Source: app-vsam-mq/cbl/CODATE01.cbl

Type: CICS transaction program

CODATE01 — Program Documentation

Purpose

CODATE01 is a CICS transaction that acts as an MQ-based "date/time server." It listens on an MQ queue for incoming request messages, and for each request replies with the current system date and time (as formatted by CICS) via a reply-to queue. It appears to be a simple demo/utility service (queue names reference "CARD.DEMO") used to test or support request/reply messaging patterns rather than perform core business processing.

How it works

  1. 1000-CONTROL (main entry) initializes working storage, opens the error queue (2100-OPEN-ERROR-QUEUE), then issues EXEC CICS RETRIEVE to obtain the name of the queue that triggered the transaction (MQTM-QNAME). If retrieval succeeds, the input queue name is set from the triggering queue and the reply queue name is hard-coded to CARD.DEMO.REPLY.DATE. If the retrieve fails, the program logs an error and terminates.
  2. It then opens the input queue (2300-OPEN-INPUT-QUEUE) and output/reply queue (2400-OPEN-OUTPUT-QUEUE), performs an initial 3000-GET-REQUEST, and loops on 4000-MAIN-PROCESS until NO-MORE-MSGS is set.
  3. 4000-MAIN-PROCESS issues a CICS SYNCPOINT (commits unit of work) then calls 3000-GET-REQUEST again to fetch the next message — this is the read loop.
  4. 3000-GET-REQUEST calls MQGET against the input queue with a 5-second wait interval (MQGMO-WAIT, MQGMO-WAITINTERVAL = 5000 ms), syncpoint and convert options.

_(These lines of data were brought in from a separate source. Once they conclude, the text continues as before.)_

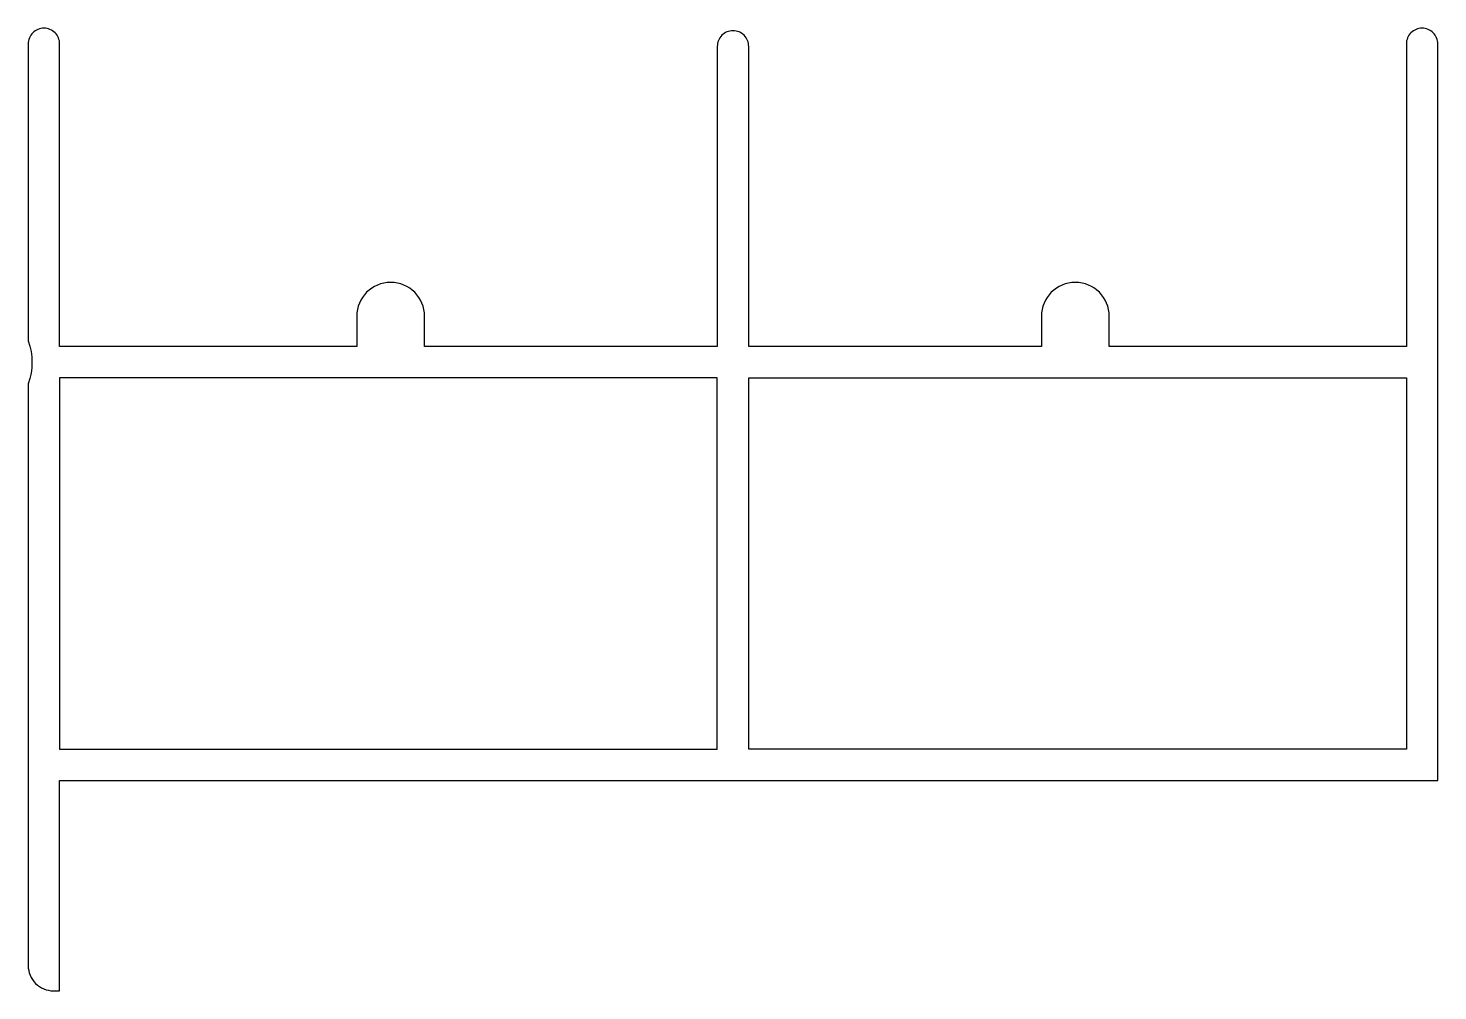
# Model space of a CAD drawing. Extents: x 931.8 to 987.8, y -23.1 to 15.1.
import ezdxf

# ---------------------------------------------------------------- set-up
doc = ezdxf.new("R2010")
doc.units = 0
doc.header["$LTSCALE"] = 15
doc.layers.get('0').update_dxf_attribs({"linetype": 'CONTINUOUS'})

msp = doc.modelspace()

# ---------------------------------------------------------------- linework, layer by layer
at = {"ltscale": 0.05}
msp.add_lwpolyline([(931.785, 1.015), (931.785, -22.107, 0.414214), (932.785, -23.107), (933.035, -23.107), (933.035, -14.757), (987.785, -14.757), (987.785, 14.518, 0.414214), (987.16, 15.143, 0.414214), (986.535, 14.518), (986.535, 2.493), (974.735, 2.493), (974.735, 3.693, 1), (972.035, 3.693), (972.035, 2.493), (960.41, 2.493), (960.41, 14.418, 0.414214), (959.785, 15.043, 0.414214), (959.16, 14.418), (959.16, 2.493), (947.535, 2.493), (947.535, 3.693, 1), (944.835, 3.693), (944.835, 2.493), (933.035, 2.493), (933.035, 14.518, 0.414214), (932.41, 15.143), (932.41, 15.143, 0.414214), (931.785, 14.518), (931.785, 2.721, -0.175863)], format="xyb", close=True, dxfattribs=at)
for points in [[(933.035, -13.507), (959.16, -13.507), (959.16, 1.243), (933.035, 1.243)], [(986.535, -13.507), (960.41, -13.507), (960.41, 1.243), (986.535, 1.243)]]:
    msp.add_lwpolyline(points, close=True, dxfattribs=at)

doc.saveas('drawing.dxf')

On success it saves the message ID, correlation ID, and reply-to-queue name, then performs 4000-PROCESS-REQUEST-REPLY. If MQRC-NO-MSG-AVAILABLE is returned, it sets NO-MORE-MSGS to end the loop. Any other non-OK condition triggers 9000-ERROR and 8000-TERMINATION.
  5. 4000-PROCESS-REQUEST-REPLY captures the current date/time using EXEC CICS ASKTIME and EXEC CICS FORMATTIME (format MM-DD-YYYY, time with separator), builds a reply string "SYSTEM DATE : <date>SYSTEM TIME : <time>", and calls 4100-PUT-REPLY.
  6. 4100-PUT-REPLY calls MQPUT to place the reply message on the output/reply queue, reusing the saved message ID and correlation ID from the original request so the requester can correlate the reply. Errors here trigger 9000-ERROR and 8000-TERMINATION.
  7. 9000-ERROR puts a formatted error message (queue name, condition/reason codes, return message) onto the error queue via MQPUT. If that put itself fails, it displays the error and terminates.
  8. 8000-TERMINATION closes any open queues (5000-CLOSE-INPUT-QUEUE, 5100-CLOSE-OUTPUT-QUEUE, 5200-CLOSE-ERROR-QUEUE, guarded by status flags), issues EXEC CICS RETURN END, and GOBACKs. This paragraph is called from many error paths throughout the program, so it acts as a common exit point.

Inputs & outputs

Resource Type Purpose
Input queue (name from MQTM-QNAME via EXEC CICS RETRIEVE) MQ queue Source of incoming request messages; opened shared for input (MQOO-INPUT-SHARED).
CARD.DEMO.REPLY.DATE (hard-coded) MQ queue Output queue where date/time reply messages are put; opened for output with pass-all-context.
CARD.DEMO.ERROR (hard-coded) MQ queue Error queue where diagnostic messages (MQ-ERR-DISPLAY) are put when failures occur.
MQ message descriptor / options copybooks (CMQGMOV, CMQPMOV, CMQMDV, CMQODV, CMQV, CMQTML) Copybooks Standard IBM MQ structures for get/put options, message descriptor, object descriptor, constants, and the trigger message layout (MQTM).
CICS system clock (ASKTIME/FORMATTIME) CICS service Source of the date/time returned to the requester; no external file or database is read.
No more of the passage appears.